India-based semiconductor industry's stress at ISA summit

HYDERABAD: `Fabless' is fine, but a complete chip ecosystem that includes design, manufacturing, packaging and testing is what India should aim for. This is the broad thrust of presentations made by the burgeoning India-based semiconductor industry — now 125 players and growing — on the opening day of its annual gettogether.

Speaking at the inaugural session of the Indian Semiconductor Association's Vision Summit 2007, Jodi Shelton, Executive Director of the U.S.based Fabless Semiconductor Association, pointed to India's edge in areas of chip making like platform and system design over competitors like China. The software expertise available here was becoming increasingly important for the global semiconductor industry.

The Union Minister of State for Defence, M. M. Pallam Raju, supporting the view, said that 19 of the 25 international semiconductor majors had design labs in India. The Ministry of Defence expected to be a major consumer of electronics and semiconductors in the Eleventh Plan (2007-12).

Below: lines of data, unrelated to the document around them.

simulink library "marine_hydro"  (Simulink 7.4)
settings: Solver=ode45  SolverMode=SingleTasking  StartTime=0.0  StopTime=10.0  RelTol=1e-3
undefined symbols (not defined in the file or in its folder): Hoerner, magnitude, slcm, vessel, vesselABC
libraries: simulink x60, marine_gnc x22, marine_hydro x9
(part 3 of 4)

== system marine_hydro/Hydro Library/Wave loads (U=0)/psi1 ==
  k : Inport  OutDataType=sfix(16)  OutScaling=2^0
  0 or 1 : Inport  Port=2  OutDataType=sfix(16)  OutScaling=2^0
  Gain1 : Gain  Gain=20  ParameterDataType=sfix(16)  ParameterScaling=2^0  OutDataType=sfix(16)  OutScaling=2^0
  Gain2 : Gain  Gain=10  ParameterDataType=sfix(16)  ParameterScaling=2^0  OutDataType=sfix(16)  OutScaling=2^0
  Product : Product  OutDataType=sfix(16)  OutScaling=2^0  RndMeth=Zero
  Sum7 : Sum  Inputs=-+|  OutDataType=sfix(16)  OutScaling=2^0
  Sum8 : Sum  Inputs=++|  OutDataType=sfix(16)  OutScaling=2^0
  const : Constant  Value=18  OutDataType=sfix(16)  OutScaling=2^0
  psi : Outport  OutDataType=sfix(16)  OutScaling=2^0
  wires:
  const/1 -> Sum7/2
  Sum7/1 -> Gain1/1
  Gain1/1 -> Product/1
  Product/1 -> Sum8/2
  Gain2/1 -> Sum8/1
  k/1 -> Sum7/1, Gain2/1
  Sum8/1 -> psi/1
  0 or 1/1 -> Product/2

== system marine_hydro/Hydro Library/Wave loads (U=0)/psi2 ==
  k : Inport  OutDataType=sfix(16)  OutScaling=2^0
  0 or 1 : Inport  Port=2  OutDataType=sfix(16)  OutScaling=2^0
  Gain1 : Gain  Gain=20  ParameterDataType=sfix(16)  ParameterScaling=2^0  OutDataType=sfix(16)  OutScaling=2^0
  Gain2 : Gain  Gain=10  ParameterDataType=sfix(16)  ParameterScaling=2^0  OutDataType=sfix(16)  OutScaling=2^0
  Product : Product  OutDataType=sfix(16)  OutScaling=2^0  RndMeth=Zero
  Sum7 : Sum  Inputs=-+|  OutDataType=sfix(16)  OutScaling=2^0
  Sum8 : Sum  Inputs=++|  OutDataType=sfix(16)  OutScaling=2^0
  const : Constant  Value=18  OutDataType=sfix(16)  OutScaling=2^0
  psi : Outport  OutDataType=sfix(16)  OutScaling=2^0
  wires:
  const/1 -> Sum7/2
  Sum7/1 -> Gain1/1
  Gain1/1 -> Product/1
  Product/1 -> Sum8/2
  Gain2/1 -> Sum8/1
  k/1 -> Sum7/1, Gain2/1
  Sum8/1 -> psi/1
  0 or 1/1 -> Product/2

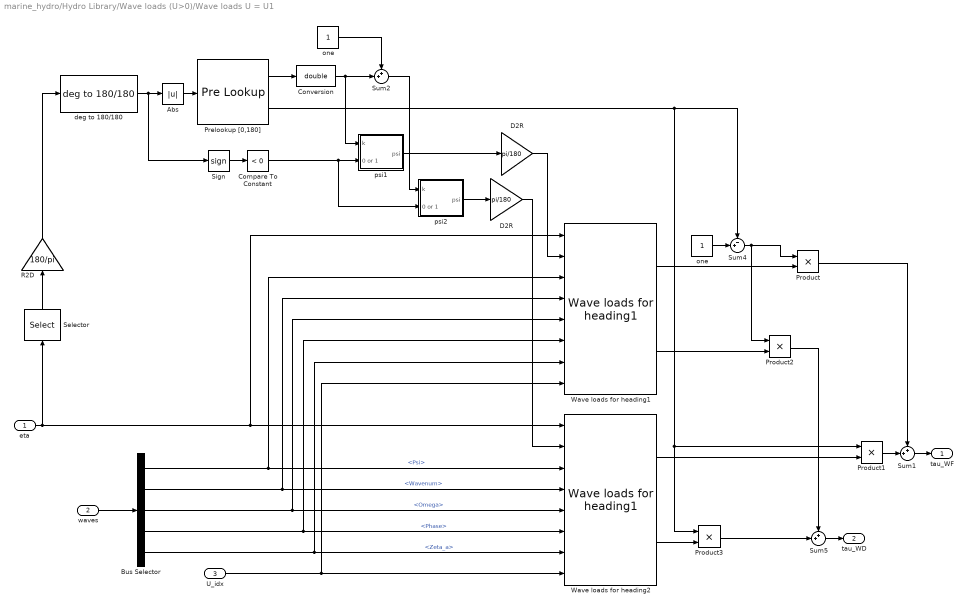
== system marine_hydro/Hydro Library/Wave loads (U>0)/Wave loads U = U1 ==
  eta : Inport  OutDataType=sfix(16)  OutScaling=2^0
  waves : Inport  Port=2  OutDataType=sfix(16)  OutScaling=2^0
  U_idx : Inport  Port=3  OutDataType=sfix(16)  OutScaling=2^0
  Abs : Abs  SaturateOnIntegerOverflow=on
  Bus Selector : BusSelector  OutputSignals=Psi,Wavenum,Omega,Phase,Zeta_a
  Compare To Constant : simulink/Logic and Bit Operations/Compare To Constant  SystemSampleTime=-1  relop=<  const=0  LogicOutDataTypeMode=uint8  ZeroCross=off
  Conversion : DataTypeConversion  OutDataTypeMode=double  OutDataType=sfix(16)  OutScaling=2^0  OutDataTypeStr=double
  D2R : Gain  Gain=pi/180  ParameterDataType=sfix(16)  ParameterScaling=2^0  OutDataType=sfix(16)  OutScaling=2^0
  "D2R " : Gain  Gain=pi/180  ParameterDataType=sfix(16)  ParameterScaling=2^0  OutDataType=sfix(16)  OutScaling=2^0
  Prelookup [0,180] : PreLookup  BreakpointsData=[0:10:180]  IndexSearchMethod=Evenly spaced points  BeginIndexSearchUsingPreviousIndexResult=on  IndexDataType=sfix(16)  FractionDataType=sfix(16)  FractionScaling=2^0
  Product{,1..3} (4 alike) : Product  OutDataType=sfix(16)  OutScaling=2^0  RndMeth=Zero
  R2D : Gain  Gain=180/pi  ParameterDataType=sfix(16)  ParameterScaling=2^0  OutDataType=sfix(16)  OutScaling=2^0
  Selector : Selector  InputPortWidth=6  IndexOptions=Index vector (dialog)  Indices=[6]  OutputSizes=1
  Sign : Signum
  Sum1 : Sum  Inputs=++|  OutDataType=sfix(16)  OutScaling=2^0
  Sum2 : Sum  Inputs=++|  OutDataType=sfix(16)  OutScaling=2^0
  Sum4 : Sum  Inputs=-+|  OutDataType=sfix(16)  OutScaling=2^0
  Sum5 : Sum  Inputs=++|  OutDataType=sfix(16)  OutScaling=2^0
  Wave loads for heading1 : marine_hydro/Hydro Library/Wave loads for heading1  SystemSampleTime=-1  ForceRAO_Freq=vessel.forceRAO.w  WD_Freq=vessel.driftfrc.w  RAO_Vel=vessel.velocities  ForceRAO_Amp=vessel.forceRAO.amp  ForceRAO_Phase=vessel.forceRAO.phase  WD_Amp=vessel.driftfrc.amp  RAO_add_omega_0=on  RAO_add_omega_inf=on
  Wave loads for heading2 : marine_hydro/Hydro Library/Wave loads for heading1  SystemSampleTime=-1  ForceRAO_Freq=vessel.forceRAO.w  WD_Freq=vessel.driftfrc.w  RAO_Vel=vessel.velocities  ForceRAO_Amp=vessel.forceRAO.amp  ForceRAO_Phase=vessel.forceRAO.phase  WD_Amp=vessel.driftfrc.amp  RAO_add_omega_0=on  RAO_add_omega_inf=on
  deg to 180/180 : marine_gnc/Utilities/Math Operations/deg to 180//180  SystemSampleTime=-1
  one : Constant  OutDataType=sfix(16)  OutScaling=2^0
  "one " : Constant  OutDataType=sfix(16)  OutScaling=2^0
  psi1 : Subsystem
  psi2 : Subsystem
  tau_WF : Outport  OutDataType=sfix(16)  OutScaling=2^0
  tau_WD : Outport  Port=2  OutDataType=sfix(16)  OutScaling=2^0
  wires:
  R2D/1 -> deg to 180/180/1
  Selector/1 -> R2D/1
  Sum5/1 -> tau_WD/1
  waves/1 -> Bus Selector/1
  Sum1/1 -> tau_WF/1
  "D2R "/1 -> Wave loads for heading2/2
  D2R/1 -> Wave loads for heading1/2
  psi2/1(psi) -> "D2R "/1
  Conversion/1 -> psi1/1(k), Sum2/2
  Prelookup [0,180]/2 -> Sum4/1, Product1/1, Product3/1
  psi1/1(psi) -> D2R/1
  Compare To Constant/1 -> psi2/2(0 or 1), psi1/2(0 or 1)
  Sign/1 -> Compare To Constant/1
  Abs/1 -> Prelookup [0,180]/1
  deg to 180/180/1 -> Sign/1, Abs/1
  Sum2/1 -> psi2/1(k)
  one/1 -> Sum2/1
  Prelookup [0,180]/1 -> Conversion/1
  Product2/1 -> Sum5/1
  Product3/1 -> Sum5/2
  Wave loads for heading1/2 -> Product2/2
  Sum4/1 -> Product2/1, Product/1
  "one "/1 -> Sum4/2
  Product1/1 -> Sum1/2
  Product/1 -> Sum1/1
  Wave loads for heading1/1 -> Product/2
  Bus Selector/5 -> Wave loads for heading1/7, Wave loads for heading2/7  "<Zeta_a>"
  Bus Selector/4 -> Wave loads for heading1/6, Wave loads for heading2/6  "<Phase>"
  Bus Selector/3 -> Wave loads for heading1/5, Wave loads for heading2/5  "<Omega>"
  Bus Selector/2 -> Wave loads for heading1/4, Wave loads for heading2/4  "<Wavenum>"
  Bus Selector/1 -> Wave loads for heading1/3, Wave loads for heading2/3  "<Psi>"
  eta/1 -> Selector/1, Wave loads for heading1/1, Wave loads for heading2/1
  Wave loads for heading2/2 -> Product3/2
  Wave loads for heading2/1 -> Product1/2
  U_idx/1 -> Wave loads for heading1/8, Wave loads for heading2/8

The West Bengal Minister in charge of Information Technology, Debesh Das, impressed upon the assembled chip giants the need to produce semiconductor devices that met India's specific domestic needs. This would help the country stop imports and become self-reliant not just in chip design but in the chips themselves, he added.

In his inaugural remarks, the Andhra Pradesh Chief Minister, Y. S. Rajasekhara Reddy, pointed to the State's specifically Hyderabad's logistical advantages to become India's Fab City. He informed the gathering that environmental clearance had just been accorded for the pioneering Indian silicon foundry project of SemIndia and construction work had already begun.

Over 300 delegates including the IT secretaries of four States and representatives from eight foreign countries are taking part in the two-day conference hosted by the ISA which represents over 80 per cent of the India-based chip industry.